Thanks guys! I will try to find some white oak local. I'll post pics once this gets rolling.

Sent from my LGLS991 using Tapatalk


----------



## Johnny (Jun 5, 2016)

If you have a table saw, you shouldn't have any problems.
One suggestion would be to cut a saw kerf into one of the
strips just a tad deeper than your metal is thick so when
you join the two halves together, the metal skin will not
be visible on the top of the gunwale when you are all said
and done. There are several tricks to hold one piece into
place so it won't move while attaching the mating piece.
After assembly, you will have a very professional looking
wood gunwale. 


Warning: do NOT - " *NOT* " - use silicone or any products
that contain silicone to marry the two together.
IMO, silicone actually promotes corrosion. I have seen the warnings
on the tubes of construction adhesives that clearly states:
do not use on aluminum.

Read, Understand and Follow the instructions for any products you may use.







.


----------



## Texas Prowler (Jun 5, 2016)

Thanks! How wide should the strips be?

Sent from my LGLS991 using Tapatalk


----------



## Johnny (Jun 5, 2016)

*Tex, This is the time to start posting photos of what you are working with.*

In my world, I would look for "nominal" cut lumber.
like 1x2 or 1x2-1/2 in the longest lengths you can find
then scarf the ends for your lap joints .....
Unless you can find good grade of wide lumber and rip it down yourself.
some woodworking knowledge, skill and power tools comes into play,
so if you are unsure of anything, visit the Wood Boat forums on the ole InnerWeb
where you will find some of the finest marine craftsmen in the world.
In the Southern Wet States, I think cypress would be a good second choice to the oak.

. . . what did you take off ??


----------



## Texas Prowler (Jun 5, 2016)

1x2 that was rotted.
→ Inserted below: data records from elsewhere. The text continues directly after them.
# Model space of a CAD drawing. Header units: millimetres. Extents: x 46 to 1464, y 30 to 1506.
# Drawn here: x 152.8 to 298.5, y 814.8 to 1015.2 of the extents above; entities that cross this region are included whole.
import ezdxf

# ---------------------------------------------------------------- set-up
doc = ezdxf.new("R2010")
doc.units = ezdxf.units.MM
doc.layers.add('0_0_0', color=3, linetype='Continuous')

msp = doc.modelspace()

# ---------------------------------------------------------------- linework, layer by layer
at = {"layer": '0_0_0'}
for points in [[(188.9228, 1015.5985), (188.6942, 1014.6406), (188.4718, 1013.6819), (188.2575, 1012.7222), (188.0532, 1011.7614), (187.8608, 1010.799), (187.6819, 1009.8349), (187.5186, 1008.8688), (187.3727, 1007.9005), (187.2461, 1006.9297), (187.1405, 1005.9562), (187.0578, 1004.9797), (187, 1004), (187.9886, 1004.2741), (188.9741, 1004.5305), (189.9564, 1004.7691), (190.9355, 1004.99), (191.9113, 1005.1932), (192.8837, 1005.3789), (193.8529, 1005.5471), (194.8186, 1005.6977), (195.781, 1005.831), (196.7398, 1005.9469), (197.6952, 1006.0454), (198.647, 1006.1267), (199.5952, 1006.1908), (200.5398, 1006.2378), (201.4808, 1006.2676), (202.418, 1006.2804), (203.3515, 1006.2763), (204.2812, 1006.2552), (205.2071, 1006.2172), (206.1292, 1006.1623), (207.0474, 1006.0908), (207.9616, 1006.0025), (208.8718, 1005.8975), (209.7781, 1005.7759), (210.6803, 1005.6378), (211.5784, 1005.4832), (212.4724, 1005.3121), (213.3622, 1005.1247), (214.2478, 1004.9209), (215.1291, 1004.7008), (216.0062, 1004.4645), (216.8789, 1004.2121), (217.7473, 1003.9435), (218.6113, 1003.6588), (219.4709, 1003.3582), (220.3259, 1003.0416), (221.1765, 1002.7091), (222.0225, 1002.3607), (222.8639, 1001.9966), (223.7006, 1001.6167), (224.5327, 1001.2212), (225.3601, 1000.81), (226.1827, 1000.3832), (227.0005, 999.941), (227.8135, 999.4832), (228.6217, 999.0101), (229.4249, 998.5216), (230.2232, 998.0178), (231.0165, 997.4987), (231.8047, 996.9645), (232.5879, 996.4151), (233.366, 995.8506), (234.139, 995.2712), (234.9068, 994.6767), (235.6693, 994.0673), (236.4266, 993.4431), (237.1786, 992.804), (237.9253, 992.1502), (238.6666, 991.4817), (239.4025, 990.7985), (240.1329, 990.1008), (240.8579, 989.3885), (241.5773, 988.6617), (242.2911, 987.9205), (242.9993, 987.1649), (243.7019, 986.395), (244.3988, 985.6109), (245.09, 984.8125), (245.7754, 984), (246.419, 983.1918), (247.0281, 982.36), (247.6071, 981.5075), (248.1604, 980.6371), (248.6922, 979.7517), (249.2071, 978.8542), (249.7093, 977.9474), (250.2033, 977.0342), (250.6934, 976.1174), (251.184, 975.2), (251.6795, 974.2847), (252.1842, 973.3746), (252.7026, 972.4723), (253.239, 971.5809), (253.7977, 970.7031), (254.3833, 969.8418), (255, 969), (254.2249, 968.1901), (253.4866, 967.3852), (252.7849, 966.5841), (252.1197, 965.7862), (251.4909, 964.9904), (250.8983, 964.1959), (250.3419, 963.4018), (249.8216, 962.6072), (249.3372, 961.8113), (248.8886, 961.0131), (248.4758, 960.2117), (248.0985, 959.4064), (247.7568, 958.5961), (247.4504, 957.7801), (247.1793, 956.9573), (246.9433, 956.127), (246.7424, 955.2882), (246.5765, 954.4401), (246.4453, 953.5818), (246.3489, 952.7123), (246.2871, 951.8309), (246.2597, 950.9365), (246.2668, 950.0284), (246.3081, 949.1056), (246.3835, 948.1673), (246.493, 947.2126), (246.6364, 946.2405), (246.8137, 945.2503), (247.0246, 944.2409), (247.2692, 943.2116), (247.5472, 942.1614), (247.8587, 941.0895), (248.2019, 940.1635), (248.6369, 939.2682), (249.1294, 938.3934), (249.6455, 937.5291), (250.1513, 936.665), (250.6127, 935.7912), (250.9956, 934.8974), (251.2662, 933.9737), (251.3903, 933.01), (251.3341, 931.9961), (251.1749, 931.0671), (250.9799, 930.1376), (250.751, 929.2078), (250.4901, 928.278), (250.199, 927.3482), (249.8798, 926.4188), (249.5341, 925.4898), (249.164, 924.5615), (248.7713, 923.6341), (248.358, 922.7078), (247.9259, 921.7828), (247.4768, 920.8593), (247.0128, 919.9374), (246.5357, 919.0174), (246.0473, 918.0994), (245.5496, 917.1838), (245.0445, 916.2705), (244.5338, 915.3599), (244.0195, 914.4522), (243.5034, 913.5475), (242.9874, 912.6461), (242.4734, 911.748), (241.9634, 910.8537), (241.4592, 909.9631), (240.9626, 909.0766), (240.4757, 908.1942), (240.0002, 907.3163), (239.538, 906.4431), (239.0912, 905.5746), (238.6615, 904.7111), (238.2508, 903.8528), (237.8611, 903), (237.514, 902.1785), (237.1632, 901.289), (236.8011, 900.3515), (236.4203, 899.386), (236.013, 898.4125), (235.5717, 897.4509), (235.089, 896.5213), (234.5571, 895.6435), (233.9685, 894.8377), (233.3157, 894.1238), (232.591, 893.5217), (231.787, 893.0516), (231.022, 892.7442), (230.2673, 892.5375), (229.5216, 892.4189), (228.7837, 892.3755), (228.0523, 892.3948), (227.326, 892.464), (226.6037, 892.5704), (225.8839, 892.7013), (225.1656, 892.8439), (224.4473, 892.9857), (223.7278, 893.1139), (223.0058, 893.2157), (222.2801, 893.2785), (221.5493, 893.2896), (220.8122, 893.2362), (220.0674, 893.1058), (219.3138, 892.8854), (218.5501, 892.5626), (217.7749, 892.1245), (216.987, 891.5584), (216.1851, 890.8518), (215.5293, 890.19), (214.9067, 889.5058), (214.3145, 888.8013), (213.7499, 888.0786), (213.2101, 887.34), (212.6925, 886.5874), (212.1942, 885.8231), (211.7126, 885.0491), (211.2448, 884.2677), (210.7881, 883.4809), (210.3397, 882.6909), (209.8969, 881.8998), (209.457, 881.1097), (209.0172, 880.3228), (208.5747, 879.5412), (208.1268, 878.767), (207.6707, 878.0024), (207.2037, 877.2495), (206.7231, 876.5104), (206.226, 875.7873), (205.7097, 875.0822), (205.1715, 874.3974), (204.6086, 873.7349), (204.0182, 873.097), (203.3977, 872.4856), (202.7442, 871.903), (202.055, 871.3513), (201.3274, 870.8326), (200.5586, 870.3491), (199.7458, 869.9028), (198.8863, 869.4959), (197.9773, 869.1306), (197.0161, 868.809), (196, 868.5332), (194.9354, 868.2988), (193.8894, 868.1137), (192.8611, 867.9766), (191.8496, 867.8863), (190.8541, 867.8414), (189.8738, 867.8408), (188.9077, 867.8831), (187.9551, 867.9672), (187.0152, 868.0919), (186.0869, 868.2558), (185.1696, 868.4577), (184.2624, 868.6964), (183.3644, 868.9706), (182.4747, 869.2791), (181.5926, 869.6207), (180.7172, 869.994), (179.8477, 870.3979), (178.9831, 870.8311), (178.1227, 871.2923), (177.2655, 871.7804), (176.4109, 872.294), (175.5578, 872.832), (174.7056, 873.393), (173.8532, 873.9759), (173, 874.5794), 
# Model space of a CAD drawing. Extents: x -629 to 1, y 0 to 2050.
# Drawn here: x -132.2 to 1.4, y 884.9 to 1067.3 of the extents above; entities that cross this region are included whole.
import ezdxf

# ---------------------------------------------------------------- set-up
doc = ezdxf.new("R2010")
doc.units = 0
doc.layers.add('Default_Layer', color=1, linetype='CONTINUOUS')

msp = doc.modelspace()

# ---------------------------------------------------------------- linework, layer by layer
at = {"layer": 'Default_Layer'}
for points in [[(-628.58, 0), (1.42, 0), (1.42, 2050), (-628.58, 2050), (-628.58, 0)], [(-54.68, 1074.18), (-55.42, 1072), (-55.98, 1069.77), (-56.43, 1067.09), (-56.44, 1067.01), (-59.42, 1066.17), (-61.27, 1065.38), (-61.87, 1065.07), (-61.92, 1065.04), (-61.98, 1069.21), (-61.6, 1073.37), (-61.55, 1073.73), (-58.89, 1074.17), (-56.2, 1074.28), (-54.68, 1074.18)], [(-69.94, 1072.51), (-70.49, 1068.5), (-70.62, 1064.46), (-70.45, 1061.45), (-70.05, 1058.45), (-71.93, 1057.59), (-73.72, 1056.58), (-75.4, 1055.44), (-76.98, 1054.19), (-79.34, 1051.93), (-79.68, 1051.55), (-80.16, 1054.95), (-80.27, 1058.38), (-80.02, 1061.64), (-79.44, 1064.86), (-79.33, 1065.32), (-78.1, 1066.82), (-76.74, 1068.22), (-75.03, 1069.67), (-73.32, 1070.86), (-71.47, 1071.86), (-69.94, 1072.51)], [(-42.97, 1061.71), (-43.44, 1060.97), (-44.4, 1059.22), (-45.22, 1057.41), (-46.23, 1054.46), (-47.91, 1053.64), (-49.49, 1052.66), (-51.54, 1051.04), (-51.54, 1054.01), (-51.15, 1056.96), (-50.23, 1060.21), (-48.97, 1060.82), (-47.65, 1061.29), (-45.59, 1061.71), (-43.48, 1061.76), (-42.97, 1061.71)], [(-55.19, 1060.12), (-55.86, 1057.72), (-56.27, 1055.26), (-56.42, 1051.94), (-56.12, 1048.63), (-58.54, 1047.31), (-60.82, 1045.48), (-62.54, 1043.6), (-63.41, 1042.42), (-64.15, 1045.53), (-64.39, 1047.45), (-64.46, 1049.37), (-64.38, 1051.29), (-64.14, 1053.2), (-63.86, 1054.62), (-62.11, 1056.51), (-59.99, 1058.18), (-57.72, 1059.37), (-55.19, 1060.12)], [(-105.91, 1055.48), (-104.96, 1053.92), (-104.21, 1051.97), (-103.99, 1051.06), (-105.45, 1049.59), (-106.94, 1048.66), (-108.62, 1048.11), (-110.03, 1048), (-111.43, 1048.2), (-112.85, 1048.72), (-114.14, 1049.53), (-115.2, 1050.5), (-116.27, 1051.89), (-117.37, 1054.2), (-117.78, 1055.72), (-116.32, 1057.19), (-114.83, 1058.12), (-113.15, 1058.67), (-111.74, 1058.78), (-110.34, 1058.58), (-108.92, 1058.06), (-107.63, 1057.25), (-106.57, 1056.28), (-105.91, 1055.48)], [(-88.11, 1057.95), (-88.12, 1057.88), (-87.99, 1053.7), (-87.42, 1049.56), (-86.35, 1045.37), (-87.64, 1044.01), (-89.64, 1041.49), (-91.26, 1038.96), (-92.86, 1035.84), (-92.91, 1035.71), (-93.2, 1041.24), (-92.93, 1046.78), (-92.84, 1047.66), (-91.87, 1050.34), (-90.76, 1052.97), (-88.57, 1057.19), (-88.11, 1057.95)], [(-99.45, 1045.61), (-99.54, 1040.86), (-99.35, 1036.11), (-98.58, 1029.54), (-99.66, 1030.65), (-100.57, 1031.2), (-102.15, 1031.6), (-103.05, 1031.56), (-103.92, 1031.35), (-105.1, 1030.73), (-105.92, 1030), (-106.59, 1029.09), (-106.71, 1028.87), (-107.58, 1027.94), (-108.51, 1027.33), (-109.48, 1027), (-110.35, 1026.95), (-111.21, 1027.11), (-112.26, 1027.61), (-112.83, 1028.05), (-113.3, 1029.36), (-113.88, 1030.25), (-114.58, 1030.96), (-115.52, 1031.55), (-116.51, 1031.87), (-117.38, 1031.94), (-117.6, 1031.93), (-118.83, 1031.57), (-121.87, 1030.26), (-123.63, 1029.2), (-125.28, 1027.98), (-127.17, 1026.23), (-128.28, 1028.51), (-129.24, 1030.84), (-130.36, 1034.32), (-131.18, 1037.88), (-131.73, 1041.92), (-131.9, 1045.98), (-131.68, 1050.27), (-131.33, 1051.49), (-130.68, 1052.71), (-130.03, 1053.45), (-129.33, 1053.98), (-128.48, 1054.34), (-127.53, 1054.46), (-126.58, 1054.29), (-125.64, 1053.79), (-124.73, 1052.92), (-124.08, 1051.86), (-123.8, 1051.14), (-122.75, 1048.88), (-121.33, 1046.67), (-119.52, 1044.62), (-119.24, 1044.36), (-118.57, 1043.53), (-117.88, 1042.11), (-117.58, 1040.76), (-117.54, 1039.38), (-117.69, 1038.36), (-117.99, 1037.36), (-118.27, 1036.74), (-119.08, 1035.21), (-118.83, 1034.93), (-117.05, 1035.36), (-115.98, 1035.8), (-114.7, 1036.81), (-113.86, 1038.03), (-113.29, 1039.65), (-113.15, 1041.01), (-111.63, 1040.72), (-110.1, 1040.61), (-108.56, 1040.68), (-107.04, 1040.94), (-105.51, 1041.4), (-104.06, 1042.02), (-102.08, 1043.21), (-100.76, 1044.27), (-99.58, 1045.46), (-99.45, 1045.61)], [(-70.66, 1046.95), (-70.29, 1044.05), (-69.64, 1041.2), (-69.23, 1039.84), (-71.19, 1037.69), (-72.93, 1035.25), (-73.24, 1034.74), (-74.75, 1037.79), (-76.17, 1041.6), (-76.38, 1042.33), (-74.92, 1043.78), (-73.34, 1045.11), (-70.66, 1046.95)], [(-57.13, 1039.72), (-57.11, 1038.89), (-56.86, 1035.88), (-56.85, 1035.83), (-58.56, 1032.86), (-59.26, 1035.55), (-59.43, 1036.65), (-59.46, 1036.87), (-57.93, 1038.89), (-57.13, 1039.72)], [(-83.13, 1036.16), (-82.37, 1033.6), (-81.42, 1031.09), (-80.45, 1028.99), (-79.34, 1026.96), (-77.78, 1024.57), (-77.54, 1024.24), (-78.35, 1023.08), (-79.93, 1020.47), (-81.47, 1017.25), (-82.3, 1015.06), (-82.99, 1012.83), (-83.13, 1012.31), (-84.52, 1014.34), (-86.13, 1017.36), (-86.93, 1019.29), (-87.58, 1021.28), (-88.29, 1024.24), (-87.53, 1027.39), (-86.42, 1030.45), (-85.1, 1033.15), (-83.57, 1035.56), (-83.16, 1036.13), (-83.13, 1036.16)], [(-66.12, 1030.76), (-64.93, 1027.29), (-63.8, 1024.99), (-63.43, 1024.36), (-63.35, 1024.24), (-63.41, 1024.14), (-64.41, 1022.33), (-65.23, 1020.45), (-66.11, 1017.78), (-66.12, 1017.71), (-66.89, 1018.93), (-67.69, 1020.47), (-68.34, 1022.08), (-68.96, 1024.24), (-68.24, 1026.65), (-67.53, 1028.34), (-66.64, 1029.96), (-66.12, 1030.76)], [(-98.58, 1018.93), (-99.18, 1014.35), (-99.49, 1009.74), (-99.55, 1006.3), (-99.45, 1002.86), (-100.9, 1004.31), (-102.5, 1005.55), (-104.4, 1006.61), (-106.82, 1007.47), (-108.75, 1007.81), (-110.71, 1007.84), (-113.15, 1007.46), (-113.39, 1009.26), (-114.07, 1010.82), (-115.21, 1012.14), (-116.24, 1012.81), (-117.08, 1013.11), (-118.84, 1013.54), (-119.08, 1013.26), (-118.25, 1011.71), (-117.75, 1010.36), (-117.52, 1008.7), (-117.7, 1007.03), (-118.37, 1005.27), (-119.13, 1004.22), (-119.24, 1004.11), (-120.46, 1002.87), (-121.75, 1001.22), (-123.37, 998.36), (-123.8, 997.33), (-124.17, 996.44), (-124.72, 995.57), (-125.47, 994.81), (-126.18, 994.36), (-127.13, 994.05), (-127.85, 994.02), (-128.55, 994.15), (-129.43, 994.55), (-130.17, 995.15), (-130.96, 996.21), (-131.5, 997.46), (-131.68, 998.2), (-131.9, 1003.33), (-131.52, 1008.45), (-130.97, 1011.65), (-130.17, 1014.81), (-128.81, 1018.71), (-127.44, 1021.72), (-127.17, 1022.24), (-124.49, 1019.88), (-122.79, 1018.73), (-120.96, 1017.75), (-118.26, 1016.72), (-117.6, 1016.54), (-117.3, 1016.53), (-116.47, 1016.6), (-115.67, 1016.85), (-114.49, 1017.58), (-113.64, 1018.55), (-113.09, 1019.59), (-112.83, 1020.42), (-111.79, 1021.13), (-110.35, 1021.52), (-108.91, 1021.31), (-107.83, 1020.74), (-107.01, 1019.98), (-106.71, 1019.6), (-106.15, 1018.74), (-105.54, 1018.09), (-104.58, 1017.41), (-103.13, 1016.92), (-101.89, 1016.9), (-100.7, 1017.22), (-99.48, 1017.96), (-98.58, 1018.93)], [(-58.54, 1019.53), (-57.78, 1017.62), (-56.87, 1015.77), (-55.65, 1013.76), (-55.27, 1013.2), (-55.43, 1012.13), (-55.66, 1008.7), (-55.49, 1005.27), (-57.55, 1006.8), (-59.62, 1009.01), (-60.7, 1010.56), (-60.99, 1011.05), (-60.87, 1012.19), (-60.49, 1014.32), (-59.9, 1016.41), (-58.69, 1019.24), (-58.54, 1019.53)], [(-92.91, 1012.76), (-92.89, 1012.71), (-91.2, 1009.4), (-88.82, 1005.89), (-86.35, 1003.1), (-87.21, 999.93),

That was covered by a stainless strip

Sent from my LGLS991 using Tapatalk


----------



## Johnny (Jun 6, 2016)

Tex, what was the stainless strip used for ??
was it to cover the seam where the two wood
strips met and the metal was exposed b/c whoever
did it before didn't make a groove for the metal skin
to fit in ?? Or, on the outside like a Rub Rail.
If done correctly, a metal strip is not really needed but, 
could be used to protect the top of the wood gunwale 
or just for cosmetics - your call.







.


----------



## Texas Prowler (Jun 6, 2016)

The stainless strip covered the gunwale wood from the side all the way around except the transom. I may leave it off if i can get the oak to curve around the gunwale nicely.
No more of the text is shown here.